Good questions! Thank you.

I am hesitant to take drugs that may make me emotionally dependent. I don't want to feel I have to take them to feel good and want to know that what I enjoy is because it's natural. I sometimes take them though if things are very bad.

I have no problem with medication that I need to make my body function better such as blood pressure medication and the one for my heart; I take those and I need them. I am just afraid to mess with my head.

I was once told to use them and they really hit me hard: not only psychologically but also physically. I was in pain all day, could hardly walk and had to stop every half minute for instance, I could no longer climb the stairs in one go, it was all so terrible. My legs were burning, I had the shakes all day long. But that was the physical side. There was more.
I could no longer draw, and I lost my dreams and imagination; I used to paint and draw every day and I no longer could. The dreams were gone; instead of waking and remembering sheets full of dreams (I wrote them down, I would remember the smells, the way things felt, the colours) i had - nothing-. A void. No longer the dreamscapes; i was in mourning for quite a while. The creativity was gone, the talent to visualise things. It was all gone. And it never came back. Each time I remember this, as happens when I write this, makes me very, very sad.

So any medication that messes with my head is very difficult for me. I have no problem with medication for blood pressure, my heart, that kind of thing.

I’ve messed with my head for just about as long as I’ve had one, I guess. Sometimes self-administered like spinning real fast on a merry-go-round and trying to stand up, and other times when I went to a doc with a complaint and they gave me a drug which sometimes helped and sometimes didn’t. Other times I tried things offered to me at parties or various get-togethers, usually ones Harry Anslinger wouldn’t have approved of.
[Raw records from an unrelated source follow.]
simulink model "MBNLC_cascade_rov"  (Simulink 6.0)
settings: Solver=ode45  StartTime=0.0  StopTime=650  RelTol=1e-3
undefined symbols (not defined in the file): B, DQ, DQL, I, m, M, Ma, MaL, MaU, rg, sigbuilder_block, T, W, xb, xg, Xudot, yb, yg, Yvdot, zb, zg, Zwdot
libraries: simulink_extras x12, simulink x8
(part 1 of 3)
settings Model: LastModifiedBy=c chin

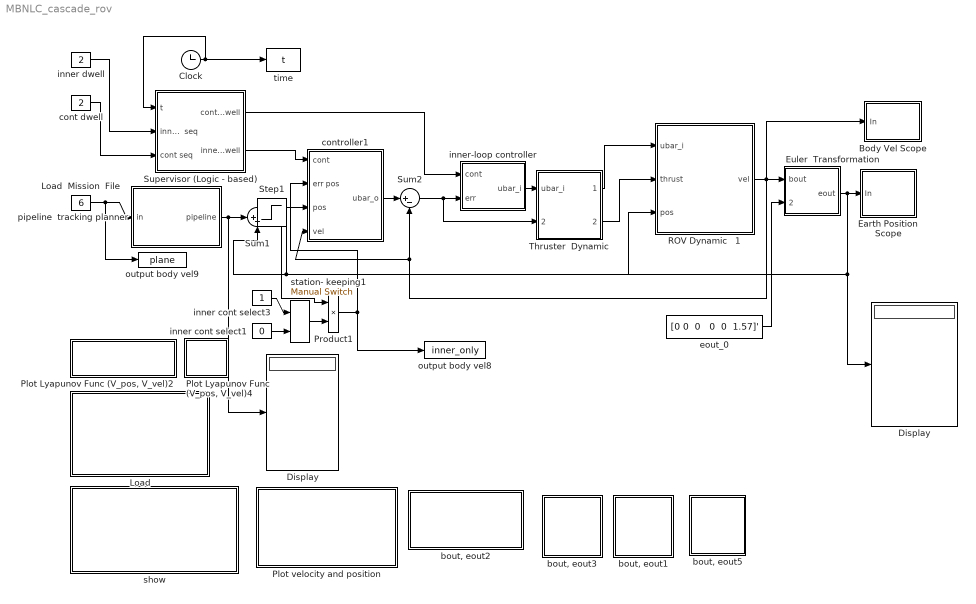
== system MBNLC_cascade_rov ==
  " Load  " : Subsystem  AncestorBlock=|
      | rov_design_analysis/ROV Controller
      | Design
      | Applications/ Load RRCROV2 parameters
      settings: OpenFcn=|
      | clc
      | cd c:\Matlab7\toolbox\rov_design_analysis\\mat_file ;
      | load rrcrovf;
      mask Display: disp('Double-click \n to \n Load the\n RRCROV\n parameters')
  " ROV Dynamic   1" : Subsystem
      mask Display:
      | disp('ROV')
      | image(imread('/rov_design_analysis/fig/ROVRRC2.jpg'));
      | color('white');port_label('input',1,'ubar_i')
      | color('white');port_label('input',2,'thrust')
      | color('white');port_label('input',3,'eout')
      | 
      | 
      | color('white');port_label('output',1,'vel')
  " inner dwell" : Constant  Value=2
  " station- keeping1" : simulink/Signal Routing/Manual Switch  sw=1  action=0
  Body Vel Scope : Subsystem  AncestorBlock=|
      | rov_design_analysis/ROV Controller
      | Design
      | Applications/1. Heading autopilot/Earth Position
      | Scope
      mask Display: disp('Body\nVelocity\nScope')
  Clock : Clock
      settings: Decimation=10
  Display : Display
  "Display  " : Display
  "Earth Position Scope " : Subsystem  AncestorBlock=|
      | rov_design_analysis/ROV Controller
      | Design
      | Applications/1. Heading autopilot/Earth Position
      | Scope
      mask Display: disp('Earth\nPosition\nScope')
  Euler  Transformation : Subsystem  AncestorBlock=rov_design_analysis/Scope Utilities/Euler Transformation
      mask Display: disp('Navigation \n Sensor')
  Load  Mission  File : Constant  Value=6
  "Plot Lyapunov Func (V_pos, V_vel)2" : Subsystem  AncestorBlock=|
      | rov_design_analysis/ROV Controller
      | Design
      | Applications/Plot velocity and position
      settings: OpenFcn=|
      | clc
      | close all
      mask Display: disp('Close All Figure')
  "Plot Lyapunov Func (V_pos, V_vel)4" : Subsystem  AncestorBlock=|
      | rov_design_analysis/ROV Controller
      | Design
      | Applications/Plot velocity and position
      settings: OpenFcn=|
      | clc
      | clear
      mask Display: disp('Clear')
  Plot velocity and position : Subsystem  AncestorBlock=|
      | rov_design_analysis/ROV Controller
      | Design
      | Applications/Plot velocity and position
      settings: OpenFcn=|
      | clc
      | cd c:\Matlab7\toolbox\rov_design_analysis\\m_file ;
      | run nonlin_resp6
      mask Display: disp('Double-click \n to \n Plot Velocity \n and \n Position')
  Product1 : Product  RndMeth=Zero
  Sum1 : Sum  Inputs=|+-  OutDataTypeMode=double  SaturateOnIntegerOverflow=on
  Sum2 : Sum  Inputs=|+-  OutDataTypeMode=double  SaturateOnIntegerOverflow=on
  Supervisor (Logic - based) : Subsystem
      mask Display: disp('Supervisor \n (Logic-based)')
  Thruster  Dynamic : Subsystem
      mask Display: disp('Thruster \n Dynamic')
  "bout, eout1" : Subsystem  AncestorBlock=|
      | rov_design_analysis/ROV Controller
      | Design
      | Applications/Plot velocity and position
      settings: OpenFcn=|
      | clc
      | cd c:\Matlab7\toolbox\rov_design_analysis\\m_file ;
      | figure
      | plot(eout(:,1),-eout(:,3))
      | xlabel('x')
      | ylabel('z')
      mask Display: disp('Plot \n XZ ')
  "bout, eout2" : Subsystem  AncestorBlock=|
      | rov_design_analysis/ROV Controller
      | Design
      | Applications/Plot velocity and position
      settings: OpenFcn=|
      | clc
      | cd c:\Matlab7\toolbox\rov_design_analysis\\m_file ;
      | figure
      | plot3(eout(:,1), eout(:,2),-eout(:,3))
      | xlabel('x')
      | ylabel('y')
      | zlabel('z')
      | grid on
      mask Display: disp('Plot \n 3D Response')
  "bout, eout3" : Subsystem  AncestorBlock=|
      | rov_design_analysis/ROV Controller
      | Design
      | Applications/Plot velocity and position
      settings: OpenFcn=|
      | clc
      | cd c:\Matlab7\toolbox\rov_design_analysis\\m_file ;
      | figure
      | plot(eout(:,1), eout(:,2))
      | xlabel('x')
      | ylabel('y')
      mask Display: disp('Plot \n XY ')
  "bout, eout5" : Subsystem  AncestorBlock=|
      | rov_design_analysis/ROV Controller
      | Design
      | Applications/Plot velocity and position
      settings: OpenFcn=|
      | clc
      | cd c:\Matlab7\toolbox\rov_design_analysis\\m_file ;
      | figure
      | box off
      | subplot(4,1,1)
      | plot(inner.time,inner.signals.values)
      | xlabel('time (sec)')
      | ylabel('Inner controller type')
      | subplot(4,1,2)
      | plot(outer.time,outer.signals.values)
      | xlabel('time (sec)')
      | ylabel('Outer controller type')
      | subplot(4,1,3)
      | plot(plane.time,plane.signals.values)
      | xlabel('time (sec)')
      | ylabel('Input sequence')
      | 
      | subplot(4,1,4)
      | plot(inner_only.time,inner_only.signals.values)
      | xlabel('time (sec)')
      | ylabel('Inner/Outer loop')
      mask Display: disp('Plot \n switching \n signal ')
  cont dwell : Constant  Value=2
  controller1 : Subsystem  Description=f(x)  AncestorBlock=|
      | rov_design_analysis/ROV Controller
      | Design
      | Applications/1. Heading autopilot/controller
      mask Display: disp('Nonlinear \n Model-Based \n Outer \n Controller')
  eout_0 : Constant  Value="[0 0  0   0  0  1.57]'"  OutDataTypeMode=double
  inner cont select1 : Constant  Value=0
  inner cont select3 : Constant
  inner-loop controller : Subsystem  Description=f(x)  AncestorBlock=|
      | rov_design_analysis/ROV Controller
      | Design
      | Applications/1. Heading autopilot/controller
      mask Display: disp('Inner Loop \n Controller')
  output body vel8 : ToWorkspace  VariableName=inner_only  SampleTime=1  SaveFormat=Structure With Time
  output body vel9 : ToWorkspace  VariableName=plane  SampleTime=1  SaveFormat=Structure With Time
  "pipeline  tracking planner  " : Subsystem  AncestorBlock=|
      | rov_design_analysis/ROV Controller
      | Design
      | Applications/1. Heading autopilot/pipe tracking
      | profile
      | (Auto)
      mask Display: disp('Pipeline Tracking \n Planner')
  show : Subsystem  AncestorBlock=|
      | rov_design_analysis/ROV Controller
      | Design
      | Applications/ Load RRCROV2 parameters
      settings: OpenFcn=|
      | clc
      | cd  c:\Matlab7\toolbox\rov_design_analysis\hybrid ;
      | open rrcrov2_para
      mask Display: disp('Double-click \n to \n SHOW\n RRCROV\n parameters')
  time : ToWorkspace  VariableName=t  SampleTime=1  SaveFormat=Array
  Step1 : Step  IOType=siggen  SampleTime=0
  wires:
  " ROV Dynamic   1"/1(vel) -> Body Vel Scope/1(In), Sum2/2, controller1/4(vel), Euler  Transformation/1(bout)
  Euler  Transformation/1(eout) -> "Earth Position Scope "/1(In), controller1/3(pos), Sum1/2, " ROV Dynamic   1"/3("pos "), "Display  "/1
  Clock/1 -> time/1, Supervisor (Logic - based)/1(t)
  Thruster  Dynamic/2(thruster_out) -> " ROV Dynamic   1"/2("thrust ")
  Sum2/1 -> Thruster  Dynamic/2(bout_err), inner-loop controller/2(err)
  Thruster  Dynamic/1(cont_out) -> " ROV Dynamic   1"/1(ubar_i)
  inner-loop controller/1(ubar_i) -> Thruster  Dynamic/1(ubar_i)
  "pipeline  tracking planner  "/1(pipeline) -> Sum1/1, Display/1
  Supervisor (Logic - based)/1(cont dwell) -> inner-loop controller/1(cont)
  controller1/1(ubar_o) -> Sum2/1
  " inner dwell"/1 -> Supervisor (Logic - based)/2(inner  seq)
  cont dwell/1 -> Supervisor (Logic - based)/3(cont seq)
  eout_0/1 -> Euler  Transformation/2(eout_0)
  Load  Mission  File/1 -> output body vel9/1, "pipeline  tracking planner  "/1(in)
  inner cont select3/1 -> " station- keeping1"/1
  inner cont select1/1 -> " station- keeping1"/2
  " station- keeping1"/1 -> Product1/2
  Sum1/1 -> Product1/1
  Supervisor (Logic - based)/2(inner  dwell) -> controller1/1(cont)
  Product1/1 -> controller1/2(err pos), output body vel8/1

== system MBNLC_cascade_rov/ Load   ==

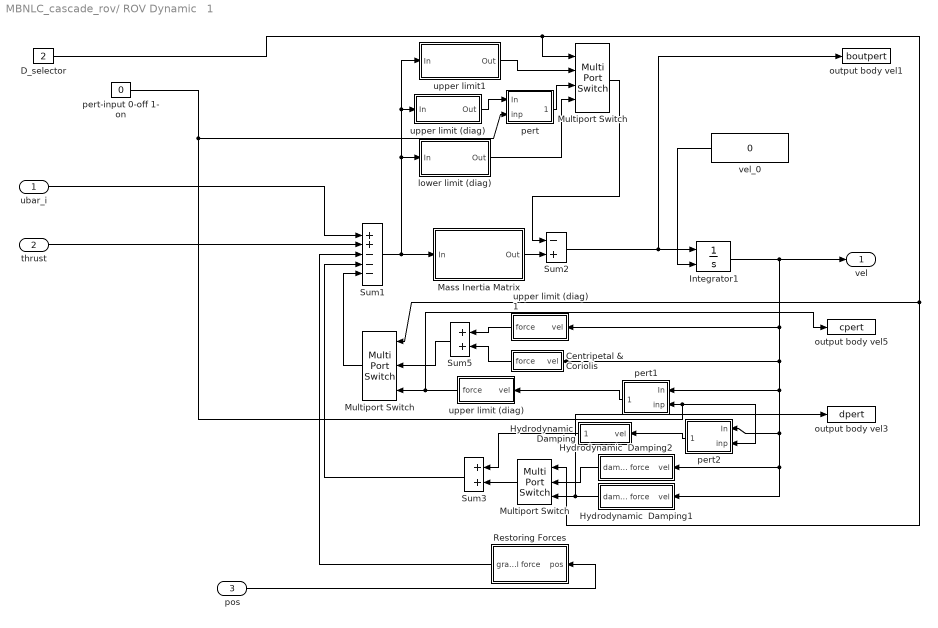
== system MBNLC_cascade_rov/ ROV Dynamic   1 ==
  ubar_i : Inport  Port=1  LatchInput=off
  "thrust " : Inport  Port=2  LatchInput=off
  "pos " : Inport  Port=3  LatchInput=off
  Centripetal & Coriolis : Subsystem  Orientation=left  AncestorBlock=rov_design_analysis/ROV Models/1. Six DOF RRC ROV II/Centripetal & Coriolis
      mask Display: disp('C')
  D_selector : Constant  Value=2
  Hydrodynamic  Damping : Subsystem  Orientation=left
      mask Display: disp('D')
  Hydrodynamic  Damping1 : Subsystem  Orientation=left
      mask Display: disp('perturb \nDamping')
  Hydrodynamic  Damping2 : Subsystem  Orientation=left
      mask Display: disp('Zero Perturb')
  Integrator1 : Integrator  InitialConditionSource=external
  Mass Inertia Matrix : Subsystem
      mask Display: disp('inv(MRB+MA)')
  Multiport Switch : MultiPortSwitch  Inputs=3
  "Multiport Switch  " : MultiPortSwitch  Orientation=left  Inputs=2
  "Multiport Switch    " : MultiPortSwitch  Orientation=left  Inputs=2
  Restoring Forces : Subsystem  Orientation=left
      mask Display: disp('Restoring\nForce')
  Sum1 : Sum  Inputs=++---  SaturateOnIntegerOverflow=on  InputSameDT=on
  Sum2 : Sum  Inputs=-+  SaturateOnIntegerOverflow=on  InputSameDT=on
  Sum3 : Sum  Orientation=left  SaturateOnIntegerOverflow=on  InputSameDT=on
  Sum5 : Sum  Orientation=left  SaturateOnIntegerOverflow=on  InputSameDT=on
  lower limit (diag) : Subsystem
      mask Display: disp('Perturb MA')
  output body vel1 : ToWorkspace  VariableName=boutpert  SampleTime=1  SaveFormat=Array
  output body vel3 : ToWorkspace  VariableName=dpert  SampleTime=1  SaveFormat=Array
  output body vel5 : ToWorkspace  VariableName=cpert  SampleTime=1  SaveFormat=Array
  pert : Subsystem
  pert-input 0-off 1- on : Constant  Value=0
  pert1 : Subsystem  Orientation=left
  pert2 : Subsystem  Orientation=left
  upper limit (diag) : Subsystem
      mask Display: disp('Perturb MA')
  "upper limit (diag)   " : Subsystem  Orientation=left
      mask Display: disp('Perturb CA')
  upper limit (diag)   1 : Subsystem  Orientation=left
      mask Display: disp('CA')
  upper limit1 : Subsystem
      mask Display: disp('Zero Perturb')
  vel_0 : Constant  Orientation=left  Value=0  OutDataTypeMode=double
  vel : Outport
  wires:
  Restoring Forces/1(gravitational force) -> Sum1/3
  "thrust "/1 -> Sum1/2
  Sum1/1 -> Mass Inertia Matrix/1(In), upper limit1/1(In), upper limit (diag)/1(In), lower limit (diag)/1(In)
  "Multiport Switch  "/1 -> Sum1/5
  "pos "/1 -> Restoring Forces/1(pos)
  Mass Inertia Matrix/1(Out) -> Sum2/2
  upper limit1/1(Out) -> Multiport Switch/2
  lower limit (diag)/1(Out) -> Multiport Switch/4
  Multiport Switch/1 -> Sum2/1
  "upper limit (diag)   "/1(force) -> "Multiport Switch  "/3, output body vel5/1
  Sum5/1 -> "Multiport Switch  "/2
  Hydrodynamic  Damping1/1(damping force) -> "Multiport Switch    "/3, output body vel3/1
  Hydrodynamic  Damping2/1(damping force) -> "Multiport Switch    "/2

Point being, there are those of us for whom cheap thrills are just fine and others for whom quality of life includes not being depressed or in pain of various kinds when there are treatments available, while there are others for whom (as Donovan sang) “the natural high is the best high of all.” And there are others who find a middle path. I’m still trying to decide where I stand. I’m usually too busy jumping around to find out.